Timestamp parsing is also quirky. I can’t use the built-in datetime.fromisoformat() method, since the strings in the file aren’t in ISO-8601 format. So instead I turn to the third-party dateutil library, which has flexible parsing (it recognizes the field’s format out of the box). However, it returns a “naive” datetime, so I must explicitly set its timezone to UTC. With that done, DataFileWriter properly converts the value into milliseconds and stores it in the file.

This Python code is certainly simpler than the Java code, but still requires that you transform logical types into primitive. And since it’s written in pure Python, it will be slower than a transform that can use an underlying C library.

Python: Fast Avro

That brings me to the fastavro library. It advertises itself as 10x faster than the Apache library. But what I like most about it is that it does the Right Thing™ with decimal numbers.

Unlike the libraries that we’ve seen earlier, which handle a record at a time, fastavro processes a list of records:

with open(schema_file) as f:
    schema = fastavro.parse_schema(json.load(f))

with open(json_file, "r") as f:
    transformed = [transform_record(line) for line in f.readlines()]
    
with open(avro_file, 'wb') as f:
    fastavro.writer(f, schema, transformed)

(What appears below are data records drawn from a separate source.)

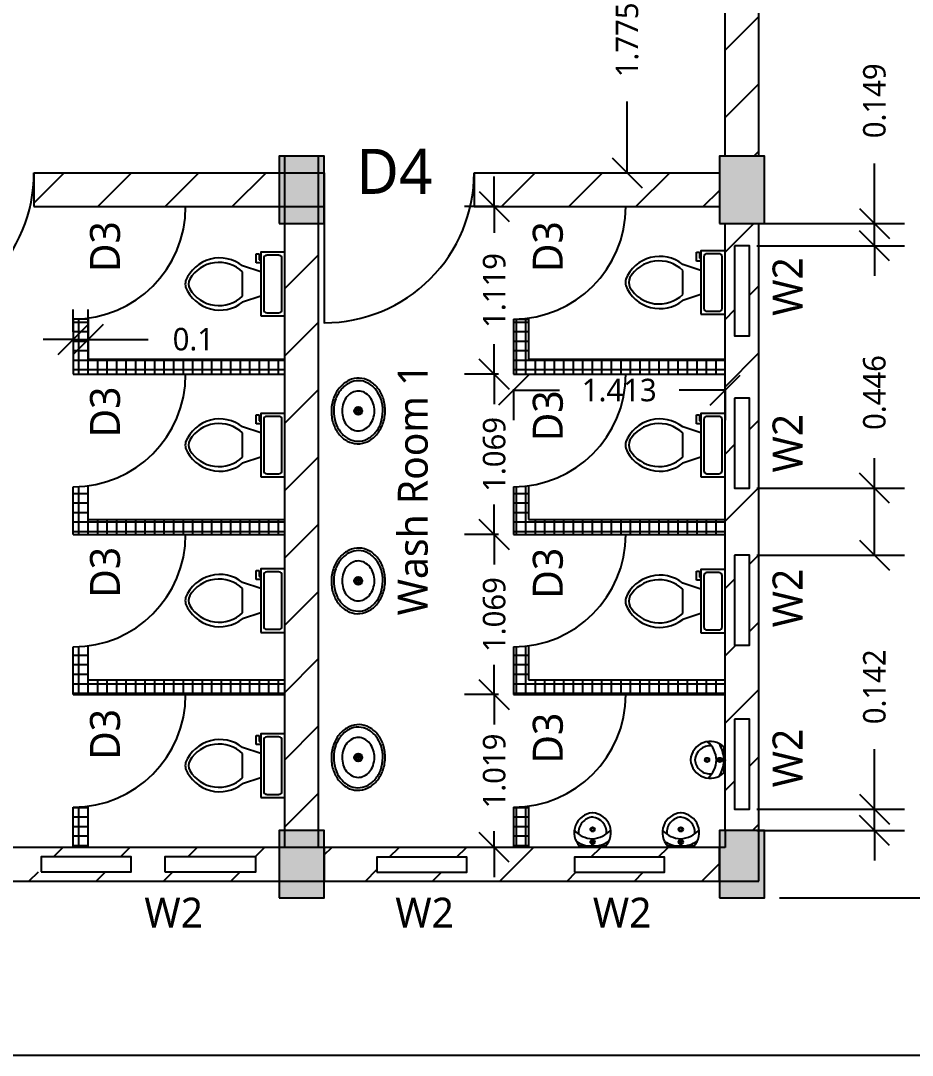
# Model space of a CAD drawing. Header units: metres. Extents: x 22814 to 23003, y 12423 to 12493.
# Drawn here: x 22845.45 to 22851.4, y 12460.48 to 12467.38 of the extents above; entities that cross this region are included whole.
import ezdxf

# ---------------------------------------------------------------- set-up
doc = ezdxf.new("R2010")
doc.units = ezdxf.units.M
doc.header["$PDMODE"] = 2
for name, color, linetype in [('Column', 240, 'Continuous'), ('Column hatch', 1, 'Continuous'), ('Door', 3, 'Continuous'), ('Window', 50, 'Continuous')]:
    doc.layers.add(name, color=color, linetype=linetype)
doc.styles.add('Annotative', font='Microsoft YaHei Light.ttf')
doc.dimstyles.new('Dim 2', dxfattribs={"dimtxt": 0.15, "dimasz": 0.2, "dimexe": 0.2, "dimexo": 0.1, "dimgap": 0.2, "dimtad": 0, "dimdec": 3, "dimdsep": 46, "dimtxsty": 'Annotative', "dimblk": 'OBLIQUE', "dimcen": 1, "dimadec": 0, "dimazin": 0, "dimtfac": 1, "dimtdec": 3, "dimtmove": 0, "dimatfit": 3, "dimfxl": 1, "dimarcsym": 0})

# ---------------------------------------------------------------- blocks, each defined once
blk = doc.blocks.new('Toilet - top')
for p, q in [((9.5, -6), (9.5, -2)), ((-10, -8.5), (-8, -8.5)), ((-10, -9.5), (-10, -8.5)), ((-7, -9.5), (-10, -9.5)), ((-8, -8.5), (-8, -8)), ((-7, -8), (-7, -9.5)), ((-4, -8), (-6, -14)), ((4, -8), (6, -14)), ((4, -14), (-4, -14))]:
    blk.add_line(p, q)
blk.add_lwpolyline([(10.5, -8), (10.5, 0), (-10.5, 0), (-10.5, -8)], close=True)
for points in [[(-9.5, -2), (-9.5, -6)], [(8.5, -1), (-8.5, -1)], [(-8.5, -7), (8.5, -7)]]:
    blk.add_lwpolyline(points)
for centre, radius, start, end in [((-8.62, -1.88), 0.884, 81.8699, 188.1301), ((8.62, -1.88), 0.884, 351.8699, 98.1301), ((-8.62, -6.12), 0.884, 171.8699, 278.1301), ((8.62, -6.12), 0.884, 261.8699, 8.1301), ((3.52, -21.58), 12.17, 141.4691, 247.9714), ((4.2, -21.82), 11.33, 136.3677, 238.9468), ((-3.52, -21.58), 12.17, 292.0284, 38.5307), ((-4.2, -21.82), 11.33, 301.053, 43.6321), ((0, -27.88), 4, 245.7318, 294.2682), ((0, -29), 4, 254.8605, 285.1395)]:
    blk.add_arc(centre, radius, start, end)
blk = doc.blocks.new('Sink - Oval top')
for p, q in [((-1, 0), (1, 0)), ((0, 1), (0, -1))]:
    blk.add_line(p, q)
at = {"linetype": 'Continuous'}
for points in [[(-12.23, 0.39, 0.117634), (-11.46, -3.36, 0.104469), (-8.88, -6.8, 0.090016), (-5.08, -9.07, 0.08192), (-0.32, -10.02, 0.08192), (4.49, -9.38, 0.090016), (8.42, -7.36, 0.104469), (11.22, -4.09, 0.117634), (12.23, -0.39, 0.117634), (11.46, 3.36, 0.104469), (8.88, 6.8, 0.090016), (5.08, 9.07, 0.08192), (0.32, 10.02, 0.08192), (-4.49, 9.38, 0.090016), (-8.42, 7.36, 0.104469), (-11.22, 4.09, 0.117634)], [(-11.29, 0.16, 0.118622), (-10.52, -3.25, 0.104678), (-8.07, -6.36, 0.089562), (-4.54, -8.37, 0.081185), (-0.13, -9.15, 0.081185), (4.3, -8.49, 0.089562), (7.89, -6.58, 0.104678), (10.42, -3.55, 0.118622), (11.29, -0.16, 0.118622), (10.52, 3.25, 0.104678), (8.07, 6.36, 0.089562), (4.54, 8.37, 0.081185), (0.13, 9.15, 0.081185), (-4.3, 8.49, 0.089562), (-7.89, 6.58, 0.104678), (-10.42, 3.55, 0.118622)], [(-7.42, 0.08, 0.118283), (-6.91, -2.17, 0.104607), (-5.29, -4.21, 0.089718), (-2.97, -5.53, 0.081436), (-0.07, -6.04, 0.081436), (2.84, -5.59, 0.089718), (5.2, -4.33, 0.104607), (6.86, -2.32, 0.118283), (7.42, -0.08, 0.118283), (6.91, 2.17, 0.104607), (5.29, 4.21, 0.089718), (2.97, 5.53, 0.081436), (0.07, 6.04, 0.081436), (-2.84, 5.59, 0.089718), (-5.2, 4.33, 0.104607), (-6.86, 2.32, 0.118283)]]:
    blk.add_lwpolyline(points, format="xyb", close=True, dxfattribs=at)
for radius in [1.5, 1]:
    blk.add_circle((0, 0), radius)
blk = doc.blocks.new('A$C317801B0')
for p, q in [((0.0505, 0.3099), (0.1601, 0.3099)), ((0.167, 0.2996), (0.167, 0.2915)), ((0.1731, 0.2996), (0.1731, 0.2916)), ((0.1808, 0.3099), (0.2905, 0.3099)), ((0.167, 0.2514), (0.167, 0.2397)), ((0.1731, 0.2513), (0.1731, 0.2399))]:
    blk.add_line(p, q)
for centre, radius in [((0.1705, 0.2715), 0.0203), ((0.1705, 0.3099), 0.0103), ((0.1705, 0.2715), 0.0103), ((0.1705, 0.1541), 0.0203), ((0.1705, 0.1541), 0.0143)]:
    blk.add_circle(centre, radius)
for centre, radius, start, end in [((0.1839, 0.1833), 0.1839, 136.51674, 265.29297), ((0.1789, 0.0078), 0.3022, 93.56524, 122.03941), ((0.157, 0.1833), 0.1839, 274.70703, 43.48326), ((0.1664, 0.0088), 0.3011, 59.19826, 87.25301), ((0.1789, 0.0078), 0.2322, 91.60377, 139.73716), ((0.1839, 0.1833), 0.1439, 175.68344, 265.29297), ((0.157, 0.1833), 0.1439, 274.70703, 5.52965), ((0.1659, 0.0078), 0.2322, 41.68292, 88.39623), ((0.1705, 0.0199), 0.02, 265.29297, 274.70703)]:
    blk.add_arc(centre, radius, start, end)
blk = doc.blocks.new('_Oblique')
at = {"color": 0, "linetype": 'ByBlock', "lineweight": -2}
blk.add_line((-0.5, -0.5), (0.5, 0.5), dxfattribs=at)
blk = doc.blocks.new('*D170')
at = {"color": 0, "lineweight": -2, "transparency": 16777216}
for p, q in [((22848.6134, 12466.1377), (22848.6134, 12466.3377)), ((22848.6408, 12466.1377), (22848.4134, 12466.1377)), ((22848.6134, 12466.1377), (22848.6134, 12465.9618)), ((22848.6134, 12465.0189), (22848.6134, 12465.1947)), ((22848.6408, 12465.0189), (22848.4134, 12465.0189)), ((22848.6134, 12465.0189), (22848.6134, 12464.8189))]:
    blk.add_line(p, q, dxfattribs=at)
at = {"layer": 'Defpoints', "color": 0, "transparency": 16777216}
for p in [(22848.6134, 12466.1377), (22848.7408, 12466.1377), (22848.7408, 12465.0189)]:
    blk.add_point(p, dxfattribs=at)
at = {"color": 0, "lineweight": -2, "transparency": 16777216, "xscale": 0.2, "yscale": 0.2, "zscale": 0.2}
for p, rotation in [((22848.6134, 12466.1377), 270), ((22848.6134, 12465.0189), 90)]:
    blk.add_blockref('_Oblique', p, dxfattribs=dict(at, rotation=rotation))
at = {"color": 0, "transparency": 16777216, "insert": (22848.6134, 12465.5783), "char_height": 0.15, "attachment_point": 5, "rotation": 90, "style": 'Annotative'}
blk.add_mtext('1.119', dxfattribs=at)
blk = doc.blocks.new('*D172')
at = {"color": 0, "lineweight": -2, "transparency": 16777216}
for p, q in [((22848.7408, 12464.9189), (22848.7408, 12464.7126)), ((22848.7408, 12464.9126), (22849.048, 12464.9126)), ((22850.1533, 12464.9126), (22849.8461, 12464.9126)), ((22850.1533, 12464.9189), (22850.1533, 12464.7126))]:
    blk.add_line(p, q, dxfattribs=at)
at = {"layer": 'Defpoints', "color": 0, "transparency": 16777216}
for p in [(22848.7408, 12465.0189), (22850.1533, 12465.0189), (22850.1533, 12464.9126)]:
    blk.add_point(p, dxfattribs=at)
at = {"color": 0, "lineweight": -2, "transparency": 16777216, "xscale": 0.2, "yscale": 0.2, "zscale": 0.2, "rotation": 180}
blk.add_blockref('_Oblique', (22848.7408, 12464.9126), dxfattribs=at)
at = {"color": 0, "lineweight": -2, "transparency": 16777216, "xscale": 0.2, "yscale": 0.2, "zscale": 0.2}
blk.add_blockref('_Oblique', (22850.1533, 12464.9126), dxfattribs=at)
at = {"color": 0, "transparency": 16777216, "insert": (22849.4471, 12464.9126), "char_height": 0.15, "attachment_point": 5, "style": 'Annotative'}
blk.add_mtext('1.413', dxfattribs=at)
blk = doc.blocks.new('*D173')
at = {"color": 0, "lineweight": -2, "transparency": 16777216}
for p, q in [((22848.6134, 12465.0189), (22848.6134, 12465.2189)), ((22848.6408, 12465.0189), (22848.4134, 12465.0189)), ((22848.6134, 12465.0189), (22848.6134, 12464.9021)), ((22848.6134, 12463.9502), (22848.6134, 12464.067)), ((22848.6408, 12463.9502), (22848.4134, 12463.9502)), ((22848.6134, 12463.9502), (22848.6134, 12463.7502))]:
    blk.add_line(p, q, dxfattribs=at)
at = {"layer": 'Defpoints', "color": 0, "transparency": 16777216}
for p in [(22848.6134, 12465.0189), (22848.7408, 12465.0189), (22848.7408, 12463.9502)]:
    blk.add_point(p, dxfattribs=at)
at = {"color": 0, "lineweight": -2, "transparency": 16777216, "xscale": 0.2, "yscale": 0.2, "zscale": 0.2}
for p, rotation in [((22848.6134, 12465.0189), 270), ((22848.6134, 12463.9502), 90)]:
    blk.add_blockref('_Oblique', p, dxfattribs=dict(at, rotation=rotation))
at = {"color": 0, "transparency": 16777216, "insert": (22848.6134, 12464.4845), "char_height": 0.15, "attachment_point": 5, "rotation": 90, "style": 'Annotative'}
blk.add_mtext('1.069', dxfattribs=at)
blk = doc.blocks.new('*D174')
at = {"color": 0, "lineweight": -2, "transparency": 16777216}
for p, q in [((22848.6134, 12463.9502), (22848.6134, 12464.1502)), ((22848.6408, 12463.9502), (22848.4134, 12463.9502)), ((22848.6134, 12463.9502), (22848.6134, 12463.8333)), ((22848.6134, 12462.8814), (22848.6134, 12462.9982)), ((22848.6408, 12462.8814), (22848.4134, 12462.8814)), ((22848.6134, 12462.8814), (22848.6134, 12462.6814))]:
    blk.add_line(p, q, dxfattribs=at)
at = {"layer": 'Defpoints', "color": 0, "transparency": 16777216}
for p in [(22848.6134, 12463.9502), (22848.7408, 12463.9502), (22848.7408, 12462.8814)]:
    blk.add_point(p, dxfattribs=at)
at = {"color": 0, "lineweight": -2, "transparency": 16777216, "xscale": 0.2, "yscale": 0.2, "zscale": 0.2}
for p, rotation in [((22848.6134, 12463.9502), 270), ((22848.6134, 12462.8814), 90)]:
    blk.add_blockref('_Oblique', p, dxfattribs=dict(at, rotation=rotation))
at = {"color": 0, "transparency": 16777216, "insert": (22848.6134, 12463.4158), "char_height": 0.15, "attachment_point": 5, "rotation": 90, "style": 'Annotative'}
blk.add_mtext('1.069', dxfattribs=at)
blk = doc.blocks.new('*D175')
at = {"color": 0, "lineweight": -2, "transparency": 16777216}
for p, q in [((22848.6134, 12462.8814), (22848.6134, 12463.0814)), ((22848.6408, 12462.8814), (22848.4134, 12462.8814)), ((22848.6134, 12462.8814), (22848.6134, 12462.7726)), ((22848.6134, 12461.8627), (22848.6134, 12461.9715)), ((22848.6408, 12461.8627), (22848.4134, 12461.8627)), ((22848.6134, 12461.8627), (22848.6134, 12461.6627))]:
    blk.add_line(p, q, dxfattribs=at)
at = {"layer": 'Defpoints', "color": 0, "transparency": 16777216}
for p in [(22848.6134, 12462.8814), (22848.7408, 12462.8814), (22848.7408, 12461.8627)]:
    blk.add_point(p, dxfattribs=at)
at = {"color": 0, "lineweight": -2, "transparency": 16777216, "xscale": 0.2, "yscale": 0.2, "zscale": 0.2}
for p, rotation in [((22848.6134, 12462.8814), 270), ((22848.6134, 12461.8627), 90)]:
    blk.add_blockref('_Oblique', p, dxfattribs=dict(at, rotation=rotation))
at = {"color": 0, "transparency": 16777216, "insert": (22848.6134, 12462.372), "char_height": 0.15, "attachment_point": 5, "rotation": 90, "style": 'Annotative'}
blk.add_mtext('1.019', dxfattribs=at)
blk = doc.blocks.new('*D189')
at = {"color": 0, "lineweight": -2, "transparency": 16777216}
for p, q in [((22849.4998, 12468.1377), (22849.4998, 12467.6619)), ((22849.5998, 12468.1377), (22849.6998, 12468.1377)), ((22849.4998, 12466.3627), (22849.4998, 12466.8384)), ((22849.5998, 12466.3627), (22849.6998, 12466.3627))]:
    blk.add_line(p, q, dxfattribs=at)
at = {"layer": 'Defpoints', "color": 0, "transparency": 16777216}
for p in [(22849.4998, 12468.1377), (22849.4998, 12466.3627), (22849.4998, 12466.3627)]:
    blk.add_point(p, dxfattribs=at)
at = {"color": 0, "lineweight": -2, "transparency": 16777216, "xscale": 0.2, "yscale": 0.2, "zscale": 0.2}
for p, rotation in [((22849.4998, 12468.1377), 90), ((22849.4998, 12466.3627), 270)]:
    blk.add_blockref('_Oblique', p, dxfattribs=dict(at, rotation=rotation))
at = {"color": 0, "transparency": 16777216, "insert": (22849.4998, 12467.2502), "char_height": 0.15, "attachment_point": 5, "rotation": 90, "style": 'Annotative'}
blk.add_mtext('1.775', dxfattribs=at)
blk = doc.blocks.new('*D191')
at = {"color": 0, "lineweight": -2, "transparency": 16777216}
for p, q in [((22851.1509, 12466.0252), (22851.1509, 12466.4252)), ((22850.3658, 12466.0252), (22851.3509, 12466.0252)), ((22851.1509, 12465.8758), (22851.1509, 12466.0252)), ((22850.3661, 12465.8758), (22851.3509, 12465.8758)), ((22851.1509, 12465.8758), (22851.1509, 12465.6758))]:
    blk.add_line(p, q, dxfattribs=at)
at = {"layer": 'Defpoints', "color": 0, "transparency": 16777216}
for p in [(22850.2658, 12466.0252), (22851.1509, 12466.0252), (22850.2661, 12465.8758)]:
    blk.add_point(p, dxfattribs=at)
at = {"color": 0, "lineweight": -2, "transparency": 16777216, "xscale": 0.2, "yscale": 0.2, "zscale": 0.2}
for p, rotation in [((22851.1509, 12466.0252), 270), ((22851.1509, 12465.8758), 90)]:
    blk.add_blockref('_Oblique', p, dxfattribs=dict(at, rotation=rotation))
at = {"color": 0, "transparency": 16777216, "insert": (22851.1509, 12466.8438), "char_height": 0.15, "attachment_point": 5, "rotation": 90, "style": 'Annotative'}
blk.add_mtext('0.149', dxfattribs=at)
blk = doc.blocks.new('*D193')
at = {"color": 0, "lineweight": -2, "transparency": 16777216}
for p, q in [((22850.5158, 12475.9752), (22852.0659, 12475.9752)), ((22851.8659, 12475.9752), (22851.8659, 12469.1687)), ((22851.8659, 12461.5252), (22851.8659, 12468.3316)), ((22850.5158, 12461.5252), (22852.0659, 12461.5252))]:
    blk.add_line(p, q, dxfattribs=at)
at = {"layer": 'Defpoints', "color": 0, "transparency": 16777216}
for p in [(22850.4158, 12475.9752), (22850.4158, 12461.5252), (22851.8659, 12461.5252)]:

As you can see, the transform_record() function is still around. It looks a lot like the previous example. What’s different is that it doesn’t need to do any tricks with the Decimal value; fastavro applies the proper scale:

def transform_record(json_str):
    data = json.loads(json_str, parse_float=str, parse_int=str)
    return {
        "eventType":    data['eventType'],
        "eventId":      data['eventId'],
        "timestamp":    dateutil.parser.parse(data['timestamp']).replace(tzinfo=timezone.utc),
        "userId":       data['userId'],
        "itemsInCart":  int(data['itemsInCart']),
        "totalValue":   decimal.Decimal(data['totalValue'])
    }

The one thing that concerned me about the fastavro library is that it uses a native library. As anyone who’s deployed a Lambda that includes the psycopg-binary package knows, this can require some build tricks. I was pleasantly surprised, then, when I built a deployment package with fastavro on my Ubuntu laptop, and deployed it to Lambda without a problem – including deployment on an ARM runtime, even though my laptop is x86.

Conclusion

If you have incoming data in JSON, any of these libraries should make it easy for you to convert that data into Avro for storage in your data lake. My first choice is the fastavro library in Python, because it offers the easiest development workflow.